---- Given data

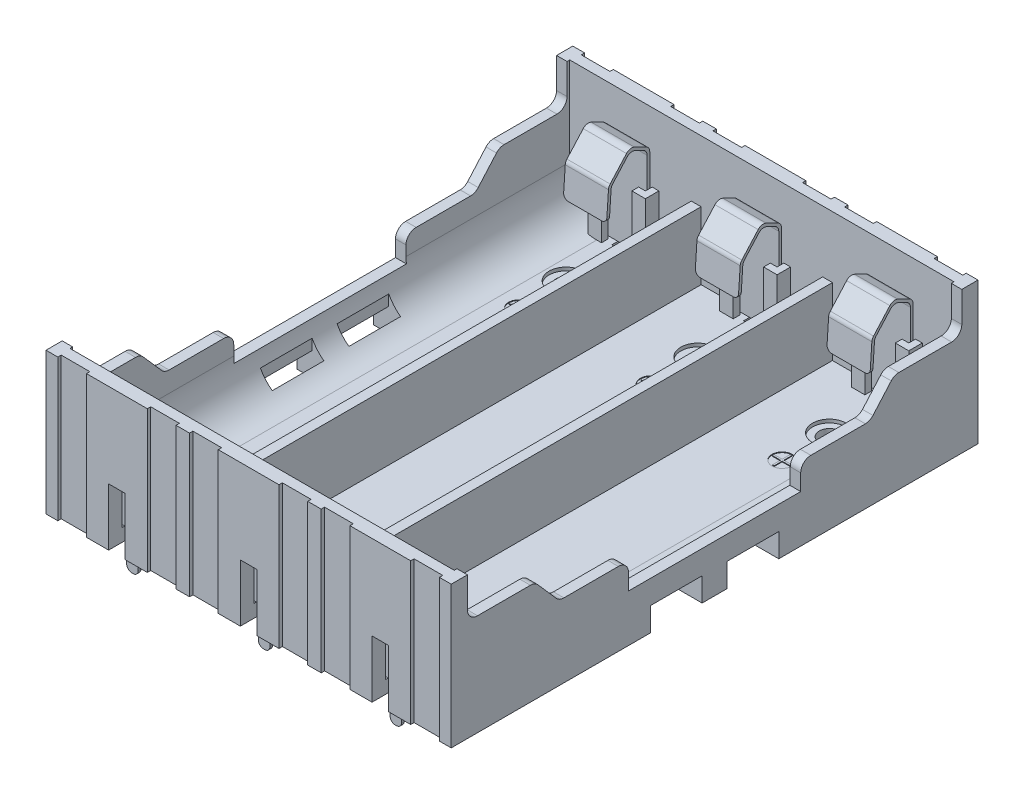
SolidWorks part; units mm, degrees
material "ABS"
ref_plane "Спереди" through (0, 0, 0) normal (0, 0, 1) x (1, 0, 0)
ref_plane "Сверху" through (0, 0, 0) normal (0, 1, 0) x (1, 0, 0)
ref_plane "Справа" through (0, 0, 0) normal (1, 0, 0) x (0, 0, -1)
other "Configuration Table"
sketch "Эскиз1" plane through (0, 0, 0) normal (0, 1, 0) x (1, 0, 0)
  line L1 (-30, 39) -> (30, 39)
  line L2 (-30, 39) -> (-30, -39)
  line L3 (-30, -39) -> (30, -39)
  line L4 (30, 39) -> (30, -39)
  line L5 (-30, 39) -> (30, -39) construction
  line L6 (-30, -39) -> (30, 39) construction
  point P0 (0, 0)
  dimension "D1" = 78
  dimension "D2" = 60
extrude "Основа" add sketch "Эскиз1" along normal blind 21
sketch "Эскиз2" plane through (0, 0, 0) normal (0, 1, 0) x (1, 0, 0)
  line L1 (30, 39) -> (-30, 39) construction
  line L2 (-4.5, 39) -> (-4.5, 38.5)
  line L3 (-4.5, 38.5) -> (-8.75, 38.5)
  line L4 (-8.75, 38.5) -> (-8.75, 39)
  line L5 (-8.75, 39) -> (-10.75, 39)
  line L6 (-10.75, 39) -> (-10.75, 38.5)
  line L7 (-10.75, 38.5) -> (-15, 38.5)
  line L8 (-15, 38.5) -> (-15, 39)
  line L9 (-15, 39) -> (-24, 39)
  line L10 (-24, 39) -> (-24, 38.5)
  line L11 (-24, 38.5) -> (-28.25, 38.5)
  line L12 (-28.25, 38.5) -> (-28.25, 39)
  line L13 (-28.25, 39) -> (-30, 39)
  line L14 (-30, 39) -> (-30, 49.7572)
  line L15 (-30, 49.7572) -> (30, 49.7572)
  line L16 (0, 49.7572) -> (0, 39)
  line L17 (4.5, 39) -> (-4.5, 39)
  line L18 (30, 39) -> (30, 49.7572)
  line L19 (15, 39) -> (24, 39)
  line L20 (24, 39) -> (24, 38.5)
  line L21 (28.25, 38.5) -> (28.25, 39)
  line L22 (24, 38.5) -> (28.25, 38.5)
  line L23 (28.25, 39) -> (30, 39)
  line L24 (15, 38.5) -> (15, 39)
  line L25 (10.75, 38.5) -> (15, 38.5)
  line L26 (10.75, 39) -> (10.75, 38.5)
  line L27 (8.75, 39) -> (10.75, 39)
  line L28 (4.5, 39) -> (4.5, 38.5)
  line L29 (4.5, 38.5) -> (8.75, 38.5)
  line L30 (8.75, 38.5) -> (8.75, 39)
  point P22 (0, 39)
  dimension "D1" = 9
  dimension "D2" = 2
  dimension "D3" = 4.25
  dimension "D4" = 0.5
extrude "Рёбра" cut sketch "Эскиз2" along normal through all contours L29 L30 L27 L26 L25 L24 L19 L20 L22 L21 L23 L18 L15 L16 L17 L28 | L17 L16 L15 L14 L13 L12 L11 L10 L9 L8 L7 L6 L5 L4 L3 L2 region at (-15.004, 0, -44.2695) region at (15.004, 0, -44.2695)
mirror "Зеркальное отражение1" about plane through (0, 0, 0) normal (0, 0, 1) of "Рёбра"
sketch "Эскиз3" plane through (0, 21, 0) normal (0, 1, 0) x (1, 0, 0)
  line L0 (19.45, 0) -> (-19.45, 0) construction
  line L1 (9, 37) -> (-9, 37)
  line L2 (9, 37) -> (9, -37)
  line L3 (9, -37) -> (-9, -37)
  line L4 (-9, 37) -> (-9, -37)
  line L5 (9, 37) -> (-9, -37) construction
  line L6 (9, -37) -> (-9, 37) construction
  line L8 (-28.45, 37) -> (-10.45, 37)
  line L9 (-28.45, 37) -> (-28.45, -37)
  line L10 (-28.45, -37) -> (-10.45, -37)
  line L11 (-10.45, 37) -> (-10.45, -37)
  line L12 (-28.45, 37) -> (-10.45, -37) construction
  line L13 (-28.45, -37) -> (-10.45, 37) construction
  line L15 (28.45, 37) -> (10.45, 37)
  line L16 (28.45, 37) -> (28.45, -37)
  line L17 (28.45, -37) -> (10.45, -37)
  line L18 (10.45, 37) -> (10.45, -37)
  line L19 (28.45, 37) -> (10.45, -37) construction
  line L20 (28.45, -37) -> (10.45, 37) construction
  point P0 (0, 0)
  point P9 (0, 0)
  dimension "D1" = 18
  dimension "D2" = 74
  dimension "D3" = 1.45
extrude "Отсеки" cut sketch "Эскиз3" against normal blind 19.1
fillet "Скругление1" radius 6 2 edges at (28.45, 1.9, 0) (-28.45, 1.9, 0)
sketch "Эскиз4" plane through (0, 0, 0) normal (1, 0, 0) x (0, 0, -1)
  line L0 (37, 21) -> (-37, 21) construction
  line L1 (37, 30.1) -> (-37, 30.1)
  line L2 (37, 30.1) -> (37, 11.9)
  line L3 (37, 11.9) -> (-37, 11.9)
  line L4 (-37, 30.1) -> (-37, 11.9)
  line L5 (37, 30.1) -> (-37, 11.9) construction
  line L6 (37, 11.9) -> (-37, 30.1) construction
  line L7 (-37, 1.9) -> (-37, 21) construction
  line L8 (37, 1.9) -> (-37, 1.9) construction
  point P0 (0, 21)
  dimension "D1" = 10
extrude "Уменьшение внутренних стенок" cut sketch "Эскиз4" against normal blind 15 and the other way blind 15
sketch "Эскиз5" plane through (30, 0, 0) normal (1, 0, 0) x (0, 0, -1)
  line L0 (-39, 21) -> (-36.6, 21)
  line L1 (-39, 21) -> (39, 21) construction
  line L2 (-36.6, 21) -> (-36.6, 15)
  line L3 (-36.6, 15) -> (-26.6, 15)
  line L4 (-26.6, 15) -> (-23, 10.9)
  line L5 (-23, 10.9) -> (-12.75, 10.9)
  line L6 (-12.75, 10.9) -> (-12.75, 7)
  line L7 (-12.75, 7) -> (12.75, 7)
  line L8 (0, 7) -> (0, 0) construction
  line L9 (-36.6, 21) -> (36.6, 21)
  line L10 (12.75, 10.9) -> (12.75, 7)
  line L11 (23, 10.9) -> (12.75, 10.9)
  line L12 (26.6, 15) -> (23, 10.9)
  line L13 (36.6, 15) -> (26.6, 15)
  line L14 (36.6, 21) -> (36.6, 15)
  point P20 (0, 21)
  line M12 (39, 21) -> (-39, 21)
  dimension "D1" = 12.75
  dimension "D2" = 10.25
  dimension "D3" = 2.4
  dimension "D4" = 10
  dimension "D5" = 6
  dimension "D6" = 3.9
  dimension "D7" = 7
extrude "Уменьшение внешних стенок" cut sketch "Эскиз5" against normal blind 15 contours L14 L2 L3 L4 L5 L6 L7 L10 L11 L12 L13 M12 region at (30, 15.4166, 0)
fillet "Скругление2" radius 1.5 8 edges at (29.225, 15, -36.6) (29.225, 15, -26.6) (29.225, 10.9, -23) (29.225, 10.9, -12.75) (29.225, 10.9, 12.75) (29.225, 10.9, 23) (29.225, 15, 26.6) (29.225, 15, 36.6)
mirror "Зеркальное отражение2" about plane through (0, 0, 0) normal (1, 0, 0) of "Скругление2", "Уменьшение внешних стенок"
sketch "Эскиз6" plane through (0, 0, 0) normal (0, 1, 0) x (1, 0, 0)
  line L0 (-4.5, -39) -> (4.5, -39) construction
  line L1 (-1.225, -42.5) -> (1.225, -42.5)
  line L2 (-1.225, -42.5) -> (-1.225, -35.5)
  line L3 (-1.225, -35.5) -> (1.225, -35.5)
  line L4 (1.225, -42.5) -> (1.225, -35.5)
  line L5 (-1.225, -42.5) -> (1.225, -35.5) construction
  line L6 (-1.225, -35.5) -> (1.225, -42.5) construction
  line L7 (-30, 0) -> (30, 0) construction
  line L8 (30, -39) -> (30, 39) construction
  line L9 (-24, -39) -> (-15, -39) construction
  line L10 (-20.725, -42.5) -> (-18.275, -42.5)
  line L11 (-20.725, -42.5) -> (-20.725, -35.5)
  line L12 (-20.725, -35.5) -> (-18.275, -35.5)
  line L13 (-18.275, -42.5) -> (-18.275, -35.5)
  line L14 (-20.725, -42.5) -> (-18.275, -35.5) construction
  line L15 (-20.725, -35.5) -> (-18.275, -42.5) construction
  line L16 (15, -39) -> (24, -39) construction
  line L17 (20.725, -42.5) -> (18.275, -42.5)
  line L18 (20.725, -42.5) -> (20.725, -35.5)
  line L19 (20.725, -35.5) -> (18.275, -35.5)
  line L20 (18.275, -42.5) -> (18.275, -35.5)
  line L21 (20.725, -42.5) -> (18.275, -35.5) construction
  line L22 (20.725, -35.5) -> (18.275, -42.5) construction
  line L23 (20.725, 35.5) -> (18.275, 42.5) construction
  line L24 (20.725, 42.5) -> (18.275, 35.5) construction
  line L25 (-20.725, 35.5) -> (-18.275, 42.5) construction
  line L26 (-20.725, 42.5) -> (-18.275, 35.5) construction
  line L27 (-1.225, 35.5) -> (1.225, 42.5) construction
  line L28 (-1.225, 42.5) -> (1.225, 35.5) construction
  line L29 (18.275, 42.5) -> (18.275, 35.5)
  line L30 (20.725, 35.5) -> (18.275, 35.5)
  line L31 (20.725, 42.5) -> (20.725, 35.5)
  line L32 (20.725, 42.5) -> (18.275, 42.5)
  line L33 (-18.275, 42.5) -> (-18.275, 35.5)
  line L34 (-20.725, 35.5) -> (-18.275, 35.5)
  line L35 (-20.725, 42.5) -> (-20.725, 35.5)
  line L36 (-20.725, 42.5) -> (-18.275, 42.5)
  line L37 (1.225, 42.5) -> (1.225, 35.5)
  line L38 (-1.225, 35.5) -> (1.225, 35.5)
  line L39 (-1.225, 42.5) -> (-1.225, 35.5)
  line L40 (-1.225, 42.5) -> (1.225, 42.5)
  point P0 (0, -39)
  point P7 (-19.5, -39)
  point P13 (0, 0)
  point P21 (19.5, -39)
  point P40 (19.5, 39)
  point P41 (-19.5, 39)
  point P42 (0, 39)
  dimension "D1" = 2.45
  dimension "D2" = 3.5
extrude "Вырезы под контакты" cut sketch "Эскиз6" along normal blind 8.5
sketch "Эскиз7" plane through (0, 0, 0) normal (0, 1, 0) x (1, 0, 0)
  line L0 (0, -35.5) -> (0, 35.5) construction
  line L1 (1.225, -35.5) -> (-1.225, -35.5) construction
  line L2 (-1.225, 35.5) -> (1.225, 35.5) construction
  line L3 (0, 0) -> (-26.025, 0) construction
  line L4 (-26.025, -23.825) -> (-26.025, 23.825) construction
  line L5 (-24, -38.5) -> (-28.25, -38.5) construction
  line L6 (-24.325, -10.8) -> (-27.725, -10.8)
  line L7 (-24.325, -10.8) -> (-24.325, -36.85)
  line L8 (-24.325, -36.85) -> (-27.725, -36.85)
  line L9 (-27.725, -10.8) -> (-27.725, -36.85)
  line L10 (-24.325, -10.8) -> (-27.725, -36.85) construction
  line L11 (-24.325, -36.85) -> (-27.725, -10.8) construction
  line L12 (-24.325, 10.8) -> (-27.725, 10.8)
  line L13 (-24.325, 10.8) -> (-24.325, 36.85)
  line L14 (-24.325, 36.85) -> (-27.725, 36.85)
  line L15 (-27.725, 10.8) -> (-27.725, 36.85)
  line L16 (-24.325, 10.8) -> (-27.725, 36.85) construction
  line L17 (-24.325, 36.85) -> (-27.725, 10.8) construction
  line L18 (-27.725, -1.375) -> (-24.325, -1.375)
  line L19 (-27.725, -1.375) -> (-27.725, 1.375)
  line L20 (-27.725, 1.375) -> (-24.325, 1.375)
  line L21 (-24.325, -1.375) -> (-24.325, 1.375)
  line L22 (-27.725, -1.375) -> (-24.325, 1.375) construction
  line L23 (-27.725, 1.375) -> (-24.325, -1.375) construction
  line L24 (24.325, 36.85) -> (27.725, 36.85)
  line L25 (24.325, 10.8) -> (24.325, 36.85)
  line L26 (27.725, 10.8) -> (27.725, 36.85)
  line L27 (24.325, 10.8) -> (27.725, 10.8)
  line L28 (24.325, -10.8) -> (27.725, -10.8)
  line L29 (24.325, -10.8) -> (24.325, -36.85)
  line L30 (27.725, -10.8) -> (27.725, -36.85)
  line L31 (24.325, -36.85) -> (27.725, -36.85)
  line L32 (27.725, -1.375) -> (27.725, 1.375)
  line L33 (27.725, -1.375) -> (24.325, -1.375)
  line L34 (24.325, -1.375) -> (24.325, 1.375)
  line L35 (27.725, 1.375) -> (24.325, 1.375)
  point P11 (-26.025, 0)
  dimension "D1" = 21.6
  dimension "D2" = 3.4
  dimension "D3" = 2.75
  dimension "D4" = 24.325
  dimension "D5" = 1.65
extrude "Пазы снизу" cut sketch "Эскиз7" along normal blind 1
sketch "Эскиз8" plane through (0, 0, 0) normal (0, 0, 1) x (1, 0, 0)
  line L0 (24.325, 1) -> (27.725, 1)
  line L1 (27.725, 1) -> (27.725, 3.073)
  arc A0 (24.325, 1) -> (27.725, 3.073) centre (22.45, 7.9) ccw
  arc A1 (22.45, 1.9) -> (28.45, 7.9) centre (22.45, 7.9) ccw construction
  arc A2 (22.45, 1.9) -> (28.45, 7.9) centre (22.45, 7.9) ccw construction
extrude "Вырез-Вытянуть9" cut sketch "Эскиз8" against normal up to surface and the other way up to surface up to face at (26.025, 0.5, -1.375) other way up to face at (26.025, 0.5, 1.375)
extrude "Вырез-Вытянуть10" cut sketch "Эскиз8<3>" along direction (0, 0, 1) on the side against the normal up to surface (36.85 mm away) from surface contours A0 L0 L1 region at (26.7298, 1.6233, 0) up to face at (26.025, 0.5, -36.85) starting at face at (26.025, 0.5, -10.8)
sketch "Эскиз8<3>" plane through (0, 0, 0) normal (0, 0, 1) x (1, 0, 0) same geometry as "Эскиз8"
extrude "Вырез-Вытянуть11" cut sketch "Эскиз8<4>" along normal up to surface (36.85 mm away) from surface up to face at (26.025, 0.5, 36.85) starting at face at (26.025, 0.5, 10.8)
sketch "Эскиз8<4>" plane through (0, 0, 0) normal (0, 0, 1) x (1, 0, 0) same geometry as "Эскиз8"
mirror "Зеркальное отражение3" about plane through (0, 0, 0) normal (1, 0, 0) of "Вырез-Вытянуть11", "Вырез-Вытянуть10", "Вырез-Вытянуть9"
sketch "Эскиз9" plane through (0, 0, 0) normal (0, 1, 0) x (1, 0, 0)
  line L0 (-30, 39) -> (-30, -39) construction
  line L1 (-34, -9.5) -> (-26, -9.5)
  line L2 (-34, -9.5) -> (-34, -1.85)
  line L3 (-34, -1.85) -> (-26, -1.85)
  line L4 (-26, -9.5) -> (-26, -1.85)
  line L5 (-34, -9.5) -> (-26, -1.85) construction
  line L6 (-34, -1.85) -> (-26, -9.5) construction
  line L7 (0, 0) -> (-30, 0) construction
  line L8 (-34, 1.85) -> (-26, 1.85)
  line L9 (-34, 1.85) -> (-34, 9.5)
  line L10 (-34, 9.5) -> (-26, 9.5)
  line L11 (-26, 1.85) -> (-26, 9.5)
  line L12 (-34, 1.85) -> (-26, 9.5) construction
  line L13 (-34, 9.5) -> (-26, 1.85) construction
  line L14 (-30, 0) -> (-30, 5.675) construction
  line L15 (-30, 0) -> (-30, -5.675) construction
  line L16 (0, 0) -> (0, -8.7492) construction
  line L17 (30, 0) -> (30, -5.675) construction
  line L18 (30, 0) -> (30, 5.675) construction
  line L19 (34, 9.5) -> (26, 1.85) construction
  line L20 (34, 1.85) -> (26, 9.5) construction
  line L21 (34, -1.85) -> (26, -9.5) construction
  line L22 (34, -9.5) -> (26, -1.85) construction
  line L23 (26, 1.85) -> (26, 9.5)
  line L24 (34, 9.5) -> (26, 9.5)
  line L25 (34, 1.85) -> (34, 9.5)
  line L26 (34, 1.85) -> (26, 1.85)
  line L27 (26, -9.5) -> (26, -1.85)
  line L28 (34, -1.85) -> (26, -1.85)
  line L29 (34, -9.5) -> (34, -1.85)
  line L30 (34, -9.5) -> (26, -9.5)
  point P0 (-30, -5.675)
  point P7 (-30, 5.675)
  point P29 (30, 5.675)
  point P30 (30, -5.675)
  dimension "D1" = 7.65
  dimension "D2" = 4
  dimension "D3" = 3.7
extrude "Пазы сбоку" cut sketch "Эскиз9" along normal blind 3.5
sketch "Эскиз10" plane through (0, 0, 0) normal (0, 1, 0) x (1, 0, 0)
  line L2 (-26, -9.5) -> (-26, -1.85) construction
  line L3 (-26, 1.85) -> (-26, 9.5) construction
  line L4 (0, 0) -> (0, -13.336) construction
  line L5 (27.75, 1.85) -> (26, 1.85)
  line L6 (-26, -9.5) -> (-26, -1.85)
  line L7 (-26, 1.85) -> (-26, 9.5)
  line L8 (-26, -1.85) -> (-27.75, -1.85)
  line L9 (-26, -1.85) -> (-30, -1.85) construction
  line L10 (-27.75, -1.85) -> (-27.75, -9.5)
  line L11 (-30, -9.5) -> (-26, -9.5) construction
  line L12 (-27.75, -9.5) -> (-26, -9.5)
  line L13 (-26, 9.5) -> (-27.75, 9.5)
  line L14 (-26.5292, 9.5) -> (-30, 9.5) construction
  line L15 (-27.75, 9.5) -> (-27.75, 1.85)
  line L16 (-30, 1.85) -> (-26, 1.85) construction
  line L17 (-27.75, 1.85) -> (-26, 1.85)
  line L18 (27.75, 9.5) -> (27.75, 1.85)
  line L19 (26, 9.5) -> (27.75, 9.5)
  line L20 (27.75, -9.5) -> (26, -9.5)
  line L21 (27.75, -1.85) -> (27.75, -9.5)
  line L22 (26, -1.85) -> (27.75, -1.85)
  line L23 (26, 1.85) -> (26, 9.5)
  line L24 (26, -9.5) -> (26, -1.85)
  dimension "D1" = 1.75
extrude "Вырез-Вытянуть15" cut sketch "Эскиз10" along normal through all
sketch "Эскиз11" plane through (0, 0, 0) normal (0, 1, 0) x (1, 0, 0)
  line L0 (-19.5, 35.5) -> (-19.5, 27.5) construction
  line L1 (19.5, -27.5) -> (-19.5, -27.5) construction
  line L2 (19.5, -27.5) -> (19.5, 27.5) construction
  line L3 (19.5, 27.5) -> (-19.5, 27.5) construction
  line L4 (-19.5, -27.5) -> (-19.5, 27.5) construction
  line L5 (19.5, -27.5) -> (-19.5, 27.5) construction
  line L6 (19.5, 27.5) -> (-19.5, -27.5) construction
  line L7 (-18.275, 35.5) -> (-20.725, 35.5) construction
  circle A0 centre (-19.5, 27.5) radius 1.5
  circle A1 centre (0, 27.5) radius 1.5
  circle A2 centre (19.5, 27.5) radius 1.5
  circle A3 centre (19.5, -27.5) radius 1.5
  circle A4 centre (0, -27.5) radius 1.5
  circle A5 centre (-19.5, -27.5) radius 1.5
  point P0 (0, 0)
  dimension "D2" = 3
  dimension "D1" = 55
extrude "Крепежные отверстия" cut sketch "Эскиз11" along normal through all
sketch "Эскиз12" plane through (0, 0, 0) normal (0, 1, 0) x (1, 0, 0)
  circle A0 centre (-19.5, 27.5) radius 1.5 construction
  circle A1 centre (0, 27.5) radius 1.5 construction
  circle A2 centre (19.5, 27.5) radius 1.5 construction
  circle A3 centre (19.5, -27.5) radius 1.5 construction
  circle A4 centre (0, -27.5) radius 1.5 construction
  circle A5 centre (-19.5, -27.5) radius 1.5 construction
  circle A6 centre (-19.5, 27.5) radius 1.5
  circle A7 centre (0, 27.5) radius 1.5
  circle A8 centre (19.5, 27.5) radius 1.5
  circle A9 centre (19.5, -27.5) radius 1.5
  circle A10 centre (0, -27.5) radius 1.5
  circle A11 centre (-19.5, -27.5) radius 1.5
  circle A12 centre (-19.5, 27.5) radius 2.8
  circle A13 centre (0, 27.5) radius 2.8
  circle A14 centre (19.5, 27.5) radius 2.8
  circle A15 centre (19.5, -27.5) radius 2.8
  circle A16 centre (0, -27.5) radius 2.8
  circle A17 centre (-19.5, -27.5) radius 2.8
  dimension "D1" = 1.3
extrude "Юбки отверстий" add sketch "Эскиз12" against normal blind 0.3
sketch "Эскиз13" plane through (0, 1.9, 0) normal (0, 1, 0) x (1, 0, 0)
  circle A0 centre (-19.5, -27.5) radius 1.5 construction
  circle A1 centre (0, -27.5) radius 1.5 construction
  circle A2 centre (19.5, 27.5) radius 1.5 construction
  circle A3 centre (0, 27.5) radius 1.5 construction
  circle A4 centre (-19.5, 27.5) radius 1.5 construction
  circle A5 centre (-19.5, -27.5) radius 1.5
  circle A6 centre (0, -27.5) radius 1.5
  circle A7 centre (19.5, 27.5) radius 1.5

--------

The word "from" occurs on certain lines of the material; count those lines and respond with the number only.

2